Kristi and I are working together today with an intern from New York University named Sharon. Our assignment is for a segment on Koreascape. It’s been loosely defined and planned: grab a recorder and talk into it. Take in the sights and paint them in the minds of our audience with words and well-timed fake laughs and gasps.

Radio can be a supreme piece of theatre at times.

We’re going to Gyeongbokgung Palace and then we’re heading up the mountain to get a load of Namsan tower, where lovers live. Or rather, where good taste goes to die. Afterwards, we plan on rolling back down into an air-conditioned space where we can eat and recover.

Koreascape host and my ever-ready soju partner, Kurt, decides it would be a great experience were we to don traditional Korean clothing (called a hanbok) when we go to the palace. Those wearing a hanbok get in free. The catch is, one must wear the appropriate clothing for one’s gender, otherwise they must PAY… money to get in.

Kristi is excited about this, I’m a little mortified at the prospect of wearing a dress. The producers suggest I wear the men’s outfit - somehow this fills me with more anxiety as I imagine myself being chastised at the palace gates for being some sort of freakish crossdressing infidel.

Biting back my penchant for catastrophising everything, I agree to wear the men’s outfit. Kristi and Sharon are both dressed by the time I arrive at the little shop across the street from the palace. I’m immediately pulled inside by a woman who will be dressing me. I put on some extravagant navy piece with a huge golden dragon embroidered on the front. I’m told I look handsome by the women in the store and as they crowd around me to take pictures and fuss, I want to disappear into the floor.

*

Getting into the palace is no big deal.
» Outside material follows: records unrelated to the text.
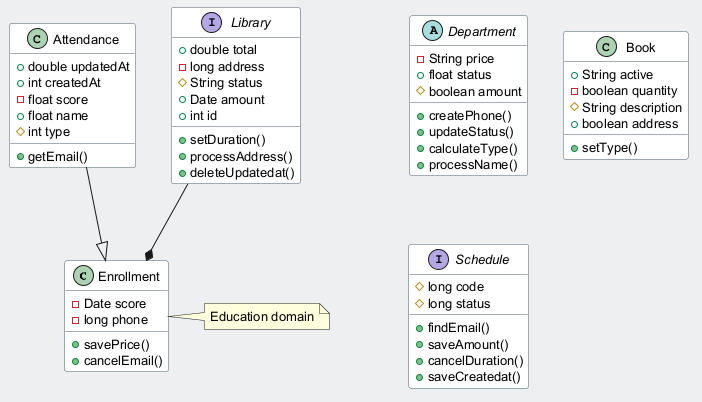

The diagram above was rendered by PlantUML. Its source (embedded in the PNG):
@startuml
skinparam backgroundColor #ECEFF1
skinparam classBackgroundColor #FFFFFF
skinparam classBorderColor #455A64
skinparam defaultFontSize 13
class Enrollment {
  -Date score
  -long phone
  +savePrice()
  +cancelEmail()
}
class Attendance {
  +double updatedAt
  +int createdAt
  -float score
  +float name
  #int type
  +getEmail()
}
abstract class Department {
  -String price
  +float status
  #boolean amount
  +createPhone()
  +updateStatus()
  +calculateType()
  +processName()
}
interface Library {
  +double total
  -long address
  #String status
  +Date amount
  +int id
  +setDuration()
  +processAddress()
  +deleteUpdatedat()
}
class Book {
  +String active
  -boolean quantity
  #String description
  +boolean address
  +setType()
}
interface Schedule {
  #long code
  #long status
  +findEmail()
  +saveAmount()
  +cancelDuration()
  +saveCreatedat()
}
Library --* Enrollment
Attendance --|> Enrollment
note right of Enrollment : Education domain
@enduml

I’m wearing sunglasses and a neutral face. It also helps that I’m hiding behind Kristi and Sharon as they're waved inside by the guards. Once free to walk the palace grounds, I feel the tension lift a little.

It’s a mercilessly hot day and the sun beats down on us no matter where we stand. Even posing beneath some pretty trees, taking each other’s pictures, feels torturous.

“I want the cute dappled light!” I say to Kristi, who tries her best to take a photo of me standing under a gorgeous tree at the moat’s bank. Even in this shade, the sunlight seems to crash through the leaves and burn pinholes into my back and shoulders.

It’s wonderful to walk through the grounds though, despite the heat and the scratching of my stiff robes.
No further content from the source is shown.